The Golden Jubilee House, a spiritual relief
After much acrimony that vital development priorities should take importance over a new seat of government by opposition political parties and some section of the media, a new seat of government, called the Golden House Jubilee, has been built.
On the balance, while the row over the Golden Jubilee House was understandable, the need for a new seat of government out of the colonially 16th century built Osu Castle (also known as Fort Christiansborg) goes beyond the physical to the metaphysical. The metaphysical implications of managing Ghana's business in a building ridden with slavery and agony, bloodshed, immorality, massive juju-marabou rituals, mindless military coups and threatening one-party systems, unGhanaian behavior, and general evil deeds was unimaginable.
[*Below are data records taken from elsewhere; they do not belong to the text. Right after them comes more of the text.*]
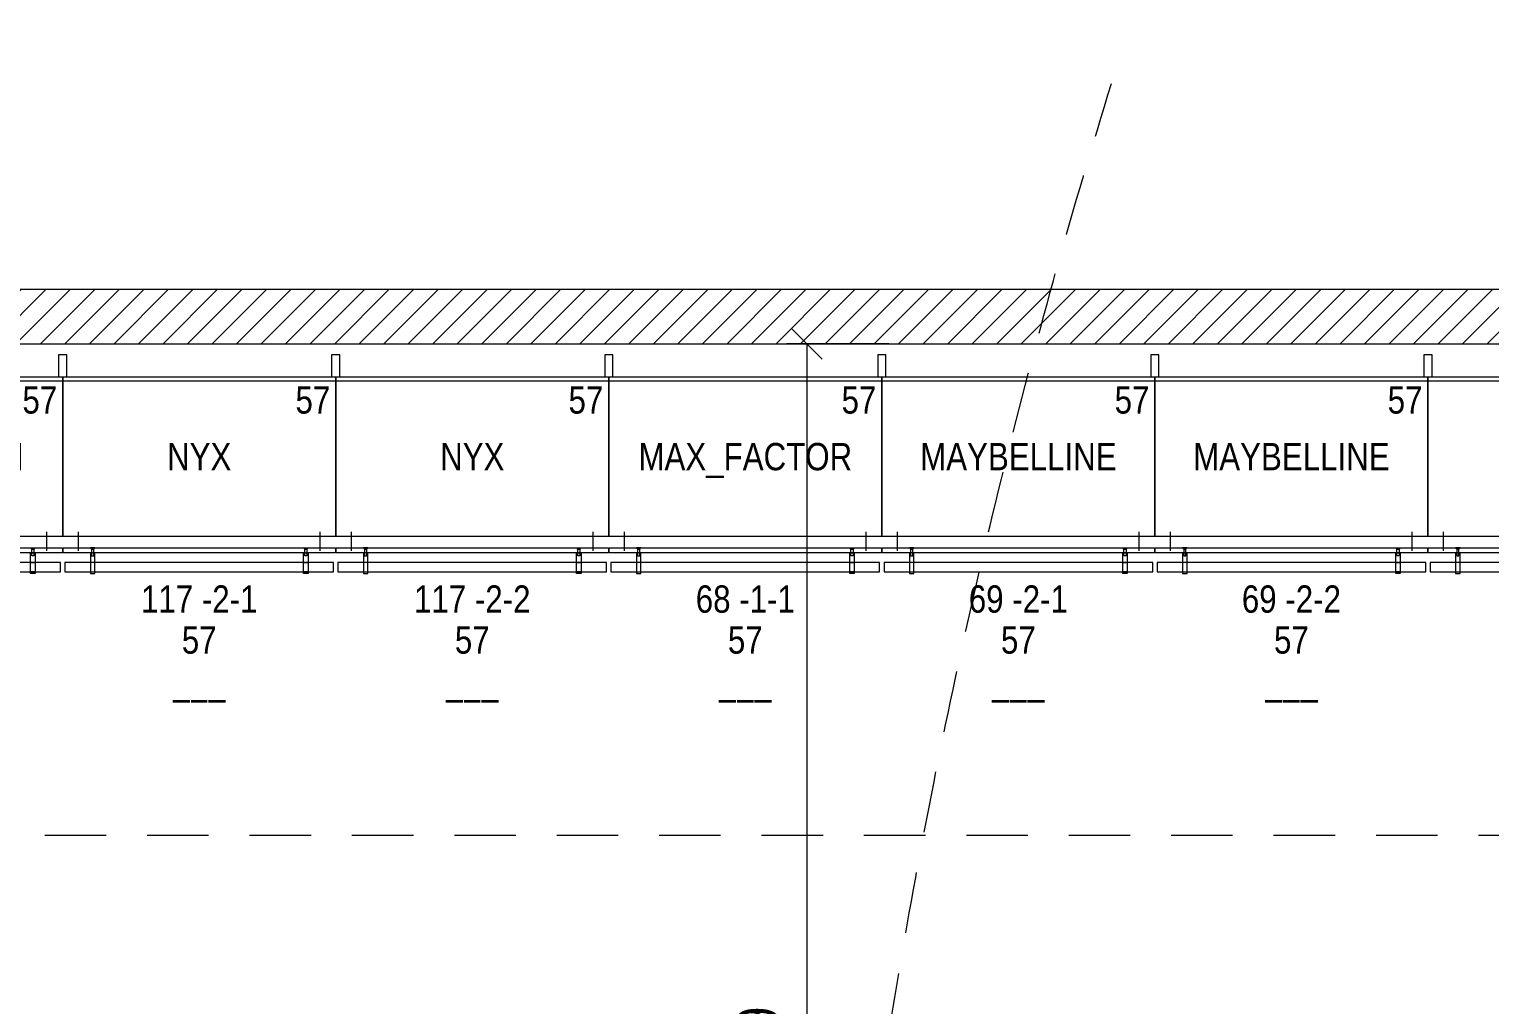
# Model space of a CAD drawing. Header units: millimetres. Extents: x 2027740 to 2136289, y -1533552 to -1491502.
# Drawn here: x 2078481 to 2083830, y -1499972 to -1496400 of the extents above; entities that cross this region are included whole.
import ezdxf
from ezdxf.enums import TextEntityAlignment as Align

# ---------------------------------------------------------------- set-up
doc = ezdxf.new("R2010")
doc.units = ezdxf.units.MM
doc.header["$MEASUREMENT"] = 0
doc.linetypes.add('AUSGEZOGEN', pattern=[0])
doc.linetypes.add('DGN Style 2', pattern=[375.045563, 225.027338, -150.018225])
for name, color, linetype, lineweight in [('01_Grundriss', 7, 'Continuous', 0), ('01_Platzhalter_Aufzug', 30, 'DGN Style 2', 0), ('10_Einrichtung', 7, 'Continuous', 0), ('10_Einrichtung (Construction)', 7, 'Continuous', 0), ('11_Schraffur', 9, 'Continuous', 0), ('16_Brandschutz_Radien', 94, 'DGN Style 2', 13), ('20_Sortimentierung', 7, 'Continuous', 0), ('21_Modulnummer', 7, 'Continuous', 0), ('26_Deckenfries', 251, 'DGN Style 2', 13)]:
    doc.layers.add(name, color=color, linetype=linetype, lineweight=lineweight)
doc.layers.add('15_Flächen', color=6, linetype='Continuous', lineweight=0, plot=False)
doc.styles.add('Rossmann_0', font='ARIALN.TTF')
doc.styles.add('Style-Arial Narrow', font='ARIALN.TTF')
doc.dimstyles.new('Rossmann Detail Grün', dxfattribs={"dimtxt": 150, "dimasz": 112.5, "dimexe": 75, "dimexo": 0.0625, "dimgap": 75, "dimtad": 1, "dimdec": 3, "dimlfac": 0.001, "dimzin": 3, "dimtxsty": 'Rossmann_0', "dimcen": 0, "dimclrd": 94, "dimclre": 94, "dimadec": 3, "dimazin": 0, "dimtfac": 1, "dimtdec": 0, "dimtofl": 0, "dimtmove": 0, "dimatfit": 1, "dimfxl": 300, "dimfxlon": 1, "dimfrac": 2, "dimtolj": 1, "dimtzin": 3, "dimarcsym": 0})

# ---------------------------------------------------------------- blocks, each defined once
blk = doc.blocks.new('_Oblique')
at = {"color": 0, "linetype": 'ByBlock', "lineweight": -2}
blk.add_line((0.5, 0.5), (-0.5, -0.5), dxfattribs=at)
blk = doc.blocks.new('*D166')
at = {"layer": '01_Platzhalter_Aufzug', "color": 94, "linetype": 'Continuous', "lineweight": 13, "transparency": 16777216}
for p, q in [((2081628.7, -1497552), (2081253.7, -1497552)), ((2081328.7, -1497552), (2081328.7, -1503111.4)), ((2081628.7, -1503111.4), (2081253.7, -1503111.4))]:
    blk.add_line(p, q, dxfattribs=at)
at = {"layer": 'Defpoints', "color": 0, "linetype": 'Continuous', "lineweight": 0, "transparency": 16777216}
for p in [(2086188.2, -1497552), (2081328.7, -1503111.4), (2086188.2, -1503111.4)]:
    blk.add_point(p, dxfattribs=at)
at = {"layer": '01_Platzhalter_Aufzug', "color": 94, "linetype": 'Continuous', "lineweight": 13, "transparency": 16777216, "xscale": 112.5, "yscale": 112.5, "zscale": 112.5}
for p, rotation in [((2081328.7, -1497552), 90), ((2081328.7, -1503111.4), 270)]:
    blk.add_blockref('_Oblique', p, dxfattribs=dict(at, rotation=rotation))
at = {"layer": '01_Platzhalter_Aufzug', "color": 0, "linetype": 'Continuous', "lineweight": 13, "transparency": 16777216, "insert": (2081163.6, -1500331.7), "char_height": 150, "attachment_point": 5, "rotation": 90, "style": 'Rossmann_0'}
blk.add_mtext('\\A1;\\C94;ca. 5,559', dxfattribs=at)
blk = doc.blocks.new('Theke_57_1')
at = {"layer": '10_Einrichtung', "linetype": 'Continuous', "lineweight": 0}
for p, q in [((-500, 305), (500, 305)), ((-442.5, -317.8), (-442.5, -248.02)), ((442.5, -317.8), (442.5, -248.02))]:
    blk.add_line(p, q, dxfattribs=at)
at = {"layer": '10_Einrichtung', "linetype": 'Continuous', "lineweight": 0, "flags": 128}
for points in [[(-485, 400), (-515, 400), (-515, 320), (-485, 320)], [(515, 400), (485, 400), (485, 320), (515, 320)], [(-500, 320), (500, 320), (500, -265), (-500, -265)]]:
    blk.add_lwpolyline(points, close=True, dxfattribs=at)
at = {"layer": '10_Einrichtung', "linetype": 'Continuous', "lineweight": 13, "flags": 128}
blk.add_lwpolyline([(498.75, -325), (-498.75, -325), (-498.75, -306), (498.75, -306)], close=True, dxfattribs=at)
at = {"layer": '10_Einrichtung', "lineweight": 0, "ltscale": 0.01, "flags": 128}
for points in [[(-398.5, -306), (-394.5, -311), (-386.5, -311), (-382.5, -306)], [(-394.5, -311), (-394.5, -336), (-386.5, -336), (-386.5, -311)], [(398.5, -306), (394.5, -311), (386.5, -311), (382.5, -306)], [(394.5, -311), (394.5, -336), (386.5, -336), (386.5, -311)], [(-492, -394), (492, -394), (492, -360.3), (-492, -360.3)], [(-398.75, -325), (-398.75, -400), (-382.25, -400), (-382.25, -325)], [(-398.75, -360.3), (-398.75, -394), (-382.25, -394), (-382.25, -360.3)], [(398.75, -325), (398.75, -400), (382.25, -400), (382.25, -325)], [(398.75, -360.3), (398.75, -394), (382.25, -394), (382.25, -360.3)]]:
    blk.add_lwpolyline(points, close=True, dxfattribs=at)
at = {"layer": '10_Einrichtung (Construction)', "linetype": 'Continuous', "lineweight": 0}
for p, q in [((-500, 320), (500, 320)), ((-500, 320), (-500, -265)), ((500, 320), (500, -265))]:
    blk.add_line(p, q, dxfattribs=at)
blk = doc.blocks.new('T57m')
at = {"layer": '10_Einrichtung', "linetype": 'Continuous', "lineweight": 0}
blk.add_blockref('Theke_57_1', (-500, -360), dxfattribs=at)
at = {"layer": '10_Einrichtung', "linetype": 'Continuous', "lineweight": 0, "style": 'Style-Arial Narrow'}
blk.add_text('57', height=100, dxfattribs=at).set_placement((-20, -75), align=Align.TOP_RIGHT)
at = {"layer": '20_Sortimentierung', "linetype": 'Continuous', "lineweight": 0, "style": 'Style-Arial Narrow'}
blk.add_attdef('T57m_0', text='', height=100, dxfattribs=at).set_placement((-500, -332.5), align=Align.MIDDLE_CENTER)
at = {"layer": '21_Modulnummer', "linetype": 'Continuous', "lineweight": 0, "insert": (-500, -804), "char_height": 100, "attachment_point": 2, "line_spacing_factor": 0.6, "style": 'Style-Arial Narrow'}
blk.add_mtext('68 -1-1', dxfattribs=at)
at = {"layer": '21_Modulnummer', "linetype": 'Continuous', "lineweight": 0, "style": 'Style-Arial Narrow'}
for p in [(-500, -954), (-500, -1104)]:
    blk.add_attdef('T57m_0', text='', height=100, dxfattribs=at).set_placement(p, align=Align.TOP_CENTER)
blk = doc.blocks.new('Theke_57_2')
at = {"layer": '10_Einrichtung', "color": 7, "linetype": 'Continuous', "lineweight": 0}
for p, q in [((-500, 305), (500, 305)), ((-442.5, -317.8), (-442.5, -248.02)), ((442.5, -317.8), (442.5, -248.02))]:
    blk.add_line(p, q, dxfattribs=at)
at = {"layer": '10_Einrichtung', "color": 7, "linetype": 'Continuous', "lineweight": 0, "flags": 128}
for points in [[(-485, 400), (-515, 400), (-515, 320), (-485, 320)], [(515, 400), (485, 400), (485, 320), (515, 320)], [(-500, 320), (500, 320), (500, -265), (-500, -265)]]:
    blk.add_lwpolyline(points, close=True, dxfattribs=at)
at = {"layer": '10_Einrichtung', "color": 7, "linetype": 'Continuous', "lineweight": 13, "flags": 128}
blk.add_lwpolyline([(498.75, -325), (-498.75, -325), (-498.75, -306), (498.75, -306)], close=True, dxfattribs=at)
at = {"layer": '10_Einrichtung', "lineweight": 0, "ltscale": 0.01, "flags": 128}
for points in [[(-398.5, -306), (-394.5, -311), (-386.5, -311), (-382.5, -306)], [(-394.5, -311), (-394.5, -336), (-386.5, -336), (-386.5, -311)], [(398.5, -306), (394.5, -311), (386.5, -311), (382.5, -306)], [(394.5, -311), (394.5, -336), (386.5, -336), (386.5, -311)], [(-492, -394), (492, -394), (492, -360.3), (-492, -360.3)], [(-398.75, -325), (-398.75, -400), (-382.25, -400), (-382.25, -325)], [(-398.75, -360.3), (-398.75, -394), (-382.25, -394), (-382.25, -360.3)], [(398.75, -325), (398.75, -400), (382.25, -400), (382.25, -325)], [(398.75, -360.3), (398.75, -394), (382.25, -394), (382.25, -360.3)]]:
    blk.add_lwpolyline(points, close=True, dxfattribs=at)
at = {"layer": '10_Einrichtung (Construction)', "color": 5, "linetype": 'Continuous', "lineweight": 0}
blk.add_line((-500, 320), (500, 320), dxfattribs=at)
at = {"layer": '10_Einrichtung (Construction)', "color": 3, "linetype": 'Continuous', "lineweight": 0}
for p, q in [((-500, 320), (-500, -265)), ((500, 320), (500, -265))]:
    blk.add_line(p, q, dxfattribs=at)
blk = doc.blocks.new('T57m_1')
at = {"layer": '10_Einrichtung', "color": 7, "linetype": 'Continuous', "lineweight": 0}
blk.add_blockref('Theke_57_2', (-500, -360), dxfattribs=at)
at = {"layer": '10_Einrichtung', "color": 7, "linetype": 'Continuous', "lineweight": 0, "style": 'Style-Arial Narrow'}
blk.add_text('57', height=100, dxfattribs=at).set_placement((-20, -75), align=Align.TOP_RIGHT)
at = {"layer": '20_Sortimentierung', "color": 7, "linetype": 'Continuous', "lineweight": 0, "style": 'Style-Arial Narrow'}
blk.add_attdef('T57m_1_0', text='', height=100, dxfattribs=at).set_placement((-500, -332.5), align=Align.MIDDLE_CENTER)
at = {"layer": '21_Modulnummer', "color": 7, "linetype": 'Continuous', "lineweight": 0, "insert": (-500, -804), "char_height": 100, "attachment_point": 2, "line_spacing_factor": 0.6, "style": 'Style-Arial Narrow'}
blk.add_mtext('69 -2-1', dxfattribs=at)
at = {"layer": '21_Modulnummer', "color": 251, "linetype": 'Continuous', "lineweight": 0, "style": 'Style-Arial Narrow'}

No doubt, the ruling National Patriotic Party (NPP) argued that "the President [John Kufour] should not be based in the Osu Castle - where slaves used to be kept." The opposition parties thought it was absurd for Ghana to take a US$30 million loan from India to build a new presidential palace in the face of poverty and other pressing development concerns.
But the other argument was that it is equally spiritually bankrupt and unGhanaian to have a seat of government in a building ridden with long-running evil deeds, suffering and deformed thoughts.
The unspoken views in favour of the Golden Jubilee House was seen through the Parliament of Ghana that approved the Indian loan: that the work of the parliament isn't only to enact legislations to solve physical problems - food, water, domestic violence, gender inequality, human rights - but also look after the sacred wellbeing of its citizens. This is authentic Ghanaian traditional thought. Depending on the spiritual problems of the state, such as the agonizing slave trade with its shame, pains, deaths, bloodshed and betrayals, the vocation of a national parliament is also to oversee the spiritual health of its citizens.
By mentioning slave trade, a massive evil activity, and by extension its spiritual nuances, as one of the reasons for thinking of building the Golden Jubilee House for current and future governments, the Ghanaians revealed the dawn of not only enlightenment in Ghana's progress but also Ghana's rebirth and attempts to grapple with the spiritual allusion of the slave trade.
Attempts to heal the moral and spiritual wrongs at the Osu Castle and appease the spirits of those killed and hurt there is in line with Ghanaian/African cosmology. African thinkers and spiritualists such as Zambia's Roman Catholic Archbishop, Emmanuel Milingo, have time after time argued that some of Africa's predicaments may be as a result of imbalances in her cosmology - that's imbalances between the physical and the metaphysical.
African spirituality wheels around a balance between the physical and the metaphysical in order to progress. The Golden Jubilee House, for largely morally reasons, are reflected in Milingo's suggestion to donor agencies (as the US$30 million Indian loan might demonstrate) and other international development organizations working in Africa to look at the balance between the physical and the metaphysical aspect of Africa's tradition when planning development strategies.
So eight years into the last leg of his presidency, President Kufuor, is indirectly telling Ghanaians why he has resisted living at the depressive Osu Castle. This is not only because of what slave trade and colonialism did inside the Osu Castle but also what some post-independent Ghanaian Heads of State did there: all sorts dreadful sacrifices, fearful juju-marabou rituals, brutalities, killings, unfreedoms, chaos, and gross inhumanity.
Some Ghanaians who know the Osu Castle pretty well say the basement of the Osu Castle is splashed with blood, apparently in some dreadful rituals. Either for its spiritual allegations almost eight years in office, President Kufuor resides in his own private house in Accra and drives to his offices at the Osu Castle for state businesses.
Having moved Ghanaian governments to the new Golden Jubilee House, freed from the evil deeds and negativities of centuries past, the Osu Castle, a grim dark wound of indignity, could be used as a national museum, a national memorial, as a civilizing place that would deepen the ideas of inhumanity, unfreedom and massive evil conducts. It would bring peace, freedoms and human rights to the soul of Ghana, and help brighten, a bit, the “The Black Star of Africa.”
Ghanaians need a broad moral and spiritual decontamination, the traditional idea of Ghana itself as balanced in her cosmology as the last best hope in Africa's progress. The Osu Castle has been spiritually deranged place to run state affairs.
The Golden Jubilee House brings poise and spiritual relief to run state affairs in the face of Ghana's growing democracy and increasing national consciousness driven simultaneously by Ghanaian traditional values and the neo-liberal ideals running Ghana.